As I've worked through Uncertainty estimates in regional and global observed temperature changes: a new dataset from 1850 to reproduce the work done by the Met Office I've come up against something I don't understand. I've written to the Met Office about it, but until I get a reply this blog post is to ask for opinions from any of my dear readers.
In section 6.1 Brohan et al. talk about the problem of coverage bias. If you read this blog post you'll see that in the 1800s there weren't many temperature stations operating and so only a small fraction of the Earth's surface was being observed. There was a very big jump in the number of stations operating in the 1950s.
That means that when using data to estimate the global (or hemispheric) temperature anomaly you need to take into account some error based on how well a small number of stations act as a proxy for the actual temperature over the whole globe.
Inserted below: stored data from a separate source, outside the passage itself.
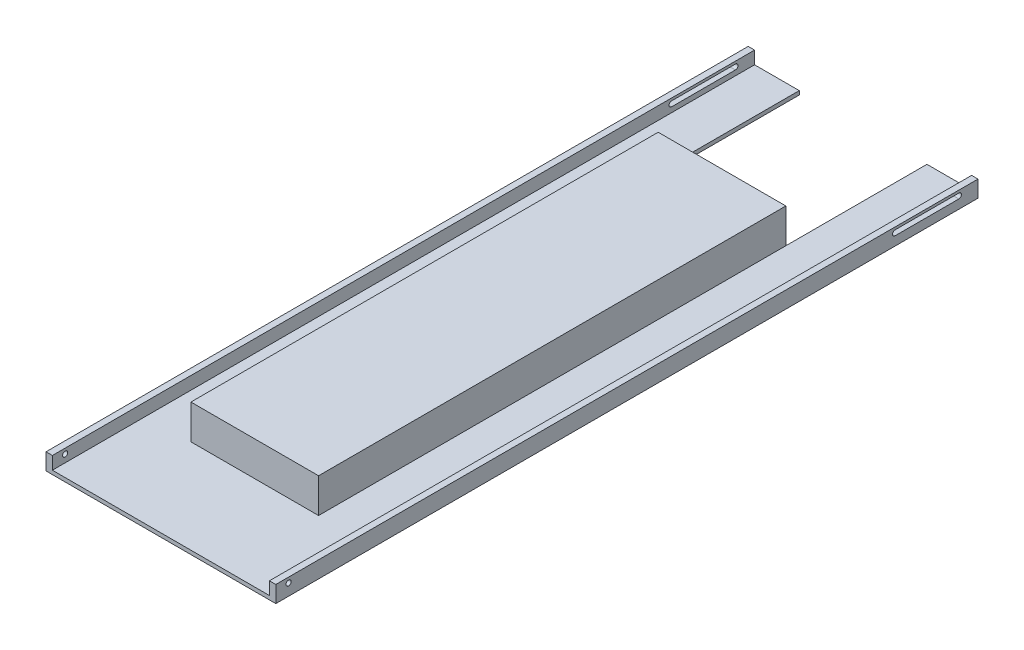
ISO-10303-21;
HEADER;
FILE_DESCRIPTION(('STEP AP214'),'2;1');
FILE_NAME('part.step','',(''),(''),'','','');
FILE_SCHEMA(('AUTOMOTIVE_DESIGN { 1 0 10303 214 1 1 1 1 }'));
ENDSEC;
DATA;
#1=APPLICATION_CONTEXT('core data for automotive mechanical design processes');
#2=APPLICATION_PROTOCOL_DEFINITION('international standard','automotive_design',2000,#1);
#3=PRODUCT_CONTEXT('',#1,'mechanical');
#4=PRODUCT('Part','Part','',(#3));
#5=PRODUCT_RELATED_PRODUCT_CATEGORY('part','',(#4));
#6=PRODUCT_DEFINITION_FORMATION('','',#4);
#7=PRODUCT_DEFINITION_CONTEXT('part definition',#1,'design');
#8=PRODUCT_DEFINITION('design','',#6,#7);
#9=PRODUCT_DEFINITION_SHAPE('','',#8);
#10=(LENGTH_UNIT() NAMED_UNIT(*) SI_UNIT(.MILLI.,.METRE.));
#11=(NAMED_UNIT(*) PLANE_ANGLE_UNIT() SI_UNIT($,.RADIAN.));
#12=(NAMED_UNIT(*) SI_UNIT($,.STERADIAN.) SOLID_ANGLE_UNIT());
#13=UNCERTAINTY_MEASURE_WITH_UNIT(LENGTH_MEASURE(1.E-05),#10,'distance_accuracy_value','');
#14=(GEOMETRIC_REPRESENTATION_CONTEXT(3) GLOBAL_UNCERTAINTY_ASSIGNED_CONTEXT((#13)) GLOBAL_UNIT_ASSIGNED_CONTEXT((#10,
#11,#12)) REPRESENTATION_CONTEXT('',''));
#15=CARTESIAN_POINT('',(0.,0.,0.));
#16=DIRECTION('',(0.,0.,1.));
#17=DIRECTION('',(1.,0.,0.));
#18=AXIS2_PLACEMENT_3D('',#15,#16,#17);
#19=CARTESIAN_POINT('',(-25.6470588235294,7.85294117647059,474.5));
#20=DIRECTION('',(0.,0.,1.));
#21=DIRECTION('',(1.,0.,0.));
#22=AXIS2_PLACEMENT_3D('',#19,#20,#21);
#23=PLANE('',#22);
#24=DIRECTION('',(0.,1.,0.));
#25=VECTOR('',#24,1.);
#26=CARTESIAN_POINT('',(-27.6470588235294,-9.14705882352941,474.5));
#27=LINE('',#26,#25);
#28=CARTESIAN_POINT('',(-27.6470588235294,-9.14705882352941,474.5));
#29=VERTEX_POINT('',#28);
#30=CARTESIAN_POINT('',(-27.6470588235294,18.8529411764706,474.5));
#31=VERTEX_POINT('',#30);
#32=EDGE_CURVE('E246',#29,#31,#27,.T.);
#33=ORIENTED_EDGE('',*,*,#32,.F.);
#34=DIRECTION('',(1.,0.,0.));
#35=VECTOR('',#34,1.);
#36=CARTESIAN_POINT('',(-125.647058823529,-9.14705882352941,474.5));
#37=LINE('',#36,#35);
#38=CARTESIAN_POINT('',(-123.647058823529,-9.14705882352941,474.5));
#39=VERTEX_POINT('',#38);
#40=EDGE_CURVE('E234',#39,#29,#37,.T.);
#41=ORIENTED_EDGE('',*,*,#40,.F.);
#42=DIRECTION('',(0.,-1.,0.));
#43=VECTOR('',#42,1.);
#44=CARTESIAN_POINT('',(-123.647058823529,-9.14705882352941,474.5));
#45=LINE('',#44,#43);
#46=CARTESIAN_POINT('',(-123.647058823529,18.8529411764706,474.5));
#47=VERTEX_POINT('',#46);
#48=EDGE_CURVE('E245',#47,#39,#45,.T.);
#49=ORIENTED_EDGE('',*,*,#48,.F.);
#50=DIRECTION('',(-1.,0.,0.));
#51=VECTOR('',#50,1.);
#52=CARTESIAN_POINT('',(-125.647058823529,18.8529411764706,474.5));
#53=LINE('',#52,#51);
#54=EDGE_CURVE('E375',#31,#47,#53,.T.);
#55=ORIENTED_EDGE('',*,*,#54,.F.);
#56=EDGE_LOOP('',(#33,#41,#49,#55));
#57=FACE_BOUND('',#56,.T.);
#58=ADVANCED_FACE('F39',(#57),#23,.F.);
#59=CARTESIAN_POINT('',(-125.647058823529,18.8529411764706,110.5));
#60=DIRECTION('',(0.,1.,0.));
#61=DIRECTION('',(-1.,0.,0.));
#62=AXIS2_PLACEMENT_3D('',#59,#60,#61);
#63=PLANE('',#62);
#64=DIRECTION('',(0.,0.,1.));
#65=VECTOR('',#64,1.);
#66=CARTESIAN_POINT('',(-27.6470588235294,18.8529411764706,82.4286623047636));
#67=LINE('',#66,#65);
#68=CARTESIAN_POINT('',(-27.6470588235294,18.8529411764706,110.5));
#69=VERTEX_POINT('',#68);
#70=EDGE_CURVE('E55',#69,#31,#67,.T.);
#71=ORIENTED_EDGE('',*,*,#70,.T.);
#72=ORIENTED_EDGE('',*,*,#54,.T.);
#73=DIRECTION('',(0.,0.,1.));
#74=VECTOR('',#73,1.);
#75=CARTESIAN_POINT('',(-123.647058823529,18.8529411764706,82.4286623047636));
#76=LINE('',#75,#74);
#77=CARTESIAN_POINT('',(-123.647058823529,18.8529411764706,110.5));
#78=VERTEX_POINT('',#77);
#79=EDGE_CURVE('E267',#78,#47,#76,.T.);
#80=ORIENTED_EDGE('',*,*,#79,.F.);
#81=DIRECTION('',(-1.,0.,0.));
#82=VECTOR('',#81,1.);
#83=CARTESIAN_POINT('',(-125.647058823529,18.8529411764706,110.5));
#84=LINE('',#83,#82);
#85=EDGE_CURVE('E60',#69,#78,#84,.T.);
#86=ORIENTED_EDGE('',*,*,#85,.F.);
#87=EDGE_LOOP('',(#71,#72,#80,#86));
#88=FACE_BOUND('',#87,.T.);
#89=ADVANCED_FACE('F559',(#88),#63,.F.);
#90=CARTESIAN_POINT('',(-25.6470588235294,7.85294117647059,474.5));
#91=DIRECTION('',(1.,0.,0.));
#92=DIRECTION('',(0.,0.,-1.));
#93=AXIS2_PLACEMENT_3D('',#90,#91,#92);
#94=PLANE('',#93);
#95=DIRECTION('',(0.,1.,0.));
#96=VECTOR('',#95,1.);
#97=CARTESIAN_POINT('',(-25.6470588235294,-9.14705882352941,110.5));
#98=LINE('',#97,#96);
#99=CARTESIAN_POINT('',(-25.6470588235294,-9.14705882352941,110.5));
#100=VERTEX_POINT('',#99);
#101=CARTESIAN_POINT('',(-25.6470588235294,-6.14705882352945,110.5));
#102=VERTEX_POINT('',#101);
#103=EDGE_CURVE('E225',#100,#102,#98,.T.);
#104=ORIENTED_EDGE('',*,*,#103,.T.);
#105=DIRECTION('',(0.,0.,-1.));
#106=VECTOR('',#105,1.);
#107=CARTESIAN_POINT('',(-25.6470588235294,-6.14705882352941,550.));
#108=LINE('',#107,#106);
#109=CARTESIAN_POINT('',(-25.6470588235294,-6.14705882352941,0.));
#110=VERTEX_POINT('',#109);
#111=EDGE_CURVE('E300',#102,#110,#108,.T.);
#112=ORIENTED_EDGE('',*,*,#111,.T.);
#113=DIRECTION('',(0.,1.,0.));
#114=VECTOR('',#113,1.);
#115=CARTESIAN_POINT('',(-25.6470588235294,0.,0.));
#116=LINE('',#115,#114);
#117=CARTESIAN_POINT('',(-25.6470588235294,-9.14705882352941,0.));
#118=VERTEX_POINT('',#117);
#119=EDGE_CURVE('E354',#118,#110,#116,.T.);
#120=ORIENTED_EDGE('',*,*,#119,.F.);
#121=DIRECTION('',(0.,0.,-1.));
#122=VECTOR('',#121,1.);
#123=CARTESIAN_POINT('',(-25.6470588235294,-9.14705882352941,474.5));
#124=LINE('',#123,#122);
#125=EDGE_CURVE('E319',#100,#118,#124,.T.);
#126=ORIENTED_EDGE('',*,*,#125,.F.);
#127=EDGE_LOOP('',(#104,#112,#120,#126));
#128=FACE_BOUND('',#127,.T.);
#129=ADVANCED_FACE('F551',(#128),#94,.F.);
#130=CARTESIAN_POINT('',(-125.647058823529,7.85294117647059,474.5));
#131=DIRECTION('',(-1.,0.,0.));
#132=DIRECTION('',(0.,0.,1.));
#133=AXIS2_PLACEMENT_3D('',#130,#131,#132);
#134=PLANE('',#133);
#135=DIRECTION('',(0.,-1.,0.));
#136=VECTOR('',#135,1.);
#137=CARTESIAN_POINT('',(-125.647058823529,-9.14705882352941,110.5));
#138=LINE('',#137,#136);
#139=CARTESIAN_POINT('',(-125.647058823529,-6.14705882352944,110.5));
#140=VERTEX_POINT('',#139);
#141=CARTESIAN_POINT('',(-125.647058823529,-9.14705882352941,110.5));
#142=VERTEX_POINT('',#141);
#143=EDGE_CURVE('E255',#140,#142,#138,.T.);
#144=ORIENTED_EDGE('',*,*,#143,.T.);
#145=DIRECTION('',(0.,0.,1.));
#146=VECTOR('',#145,1.);
#147=CARTESIAN_POINT('',(-125.647058823529,-9.14705882352941,0.));
#148=LINE('',#147,#146);
#149=CARTESIAN_POINT('',(-125.647058823529,-9.14705882352941,0.));
#150=VERTEX_POINT('',#149);
#151=EDGE_CURVE('E313',#150,#142,#148,.T.);
#152=ORIENTED_EDGE('',*,*,#151,.F.);
#153=DIRECTION('',(0.,-1.,0.));
#154=VECTOR('',#153,1.);
#155=CARTESIAN_POINT('',(-125.647058823529,0.,0.));
#156=LINE('',#155,#154);
#157=CARTESIAN_POINT('',(-125.647058823529,-6.14705882352944,0.));
#158=VERTEX_POINT('',#157);
#159=EDGE_CURVE('E372',#158,#150,#156,.T.);
#160=ORIENTED_EDGE('',*,*,#159,.F.);
#161=DIRECTION('',(0.,0.,-1.));
#162=VECTOR('',#161,1.);
#163=CARTESIAN_POINT('',(-125.647058823529,-6.14705882352944,550.));
#164=LINE('',#163,#162);
#165=EDGE_CURVE('E282',#140,#158,#164,.T.);
#166=ORIENTED_EDGE('',*,*,#165,.F.);
#167=EDGE_LOOP('',(#144,#152,#160,#166));
#168=FACE_BOUND('',#167,.T.);
#169=ADVANCED_FACE('F541',(#168),#134,.F.);
#170=CARTESIAN_POINT('',(9.35294117647058,-2.14705882352941,550.));
#171=DIRECTION('',(0.,-1.,0.));
#172=DIRECTION('',(1.,0.,0.));
#173=AXIS2_PLACEMENT_3D('',#170,#171,#172);
#174=PLANE('',#173);
#175=DIRECTION('',(1.,0.,0.));
#176=VECTOR('',#175,1.);
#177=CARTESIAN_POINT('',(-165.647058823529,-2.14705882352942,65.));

I'm calling this the coverage bias.
To estimate that Brohan et al. use the NCEP/NCAR 40-Year Reanalysis Project data to get an estimate of the error for the groups of stations operating in any year. Using that data it's possible on a year by year basis to calculate the mean error caused by limited coverage and its standard deviation (assuming a normal distribution).
I've now done the same analysis and I have two problems:
1. I get much wider error range for the 1800s than is seen in the paper.
2. I don't understand why the mean error isn't taken into account.
Note that in the rest of this entry I am using smoothed data as described by the Met Office here. I am applying the same 21 point filter to the data to smooth it. My data starts at 1860 because the first 10 years are being used to 'prime' the filter. I extend the data as described on that page.
First here's the smooth trend line for the northern hemisphere temperature anomaly derived from the Met Office data as I have done in other blog posts and without taking into account the coverage bias.
And here's the chart showing the number of stations reporting temperatures by year (again this is smoothed using the same process).
Just looking at that chart you can see that there were very few stations reporting temperature in the mid-1800s and so you'd expect a large error when trying to extrapolate to the entire northern hemisphere.
This chart shows the number of stations by year (as in the previous chart), it's the green line, and then the mean error because of the coverage bias (red line). For example, in 1860 the coverage bias error is just under 0.4C (meaning that if you use the 1860 stations to get to the northern hemisphere anomaly you'll be too hot by about 0.4C. You can see that as the number of stations increases and global coverage improves the error drops.
And more interesting still is the coverage bias error with error bars showing one standard deviation. As you might expect the error is much greater when there are fewer stations and settles down as the number increases. With lots of stations you get a mean error near 0 with very little variation: i.e. it's a good sample.
Now, to put all this together I take the mean coverage bias error for each year and use it to adjust the values from the Met Office data. This causes a small downward change which emphasizes that warming appears to have started around 1900. The adjusted data is the green line.
Now if you plot just the adjusted data but put back in the error bars (and this time the error bars are 1.96 standard deviations since the published literature uses a 95% confidence) you get the following picture:
And now I'm worried because something's wrong, or at least something's different.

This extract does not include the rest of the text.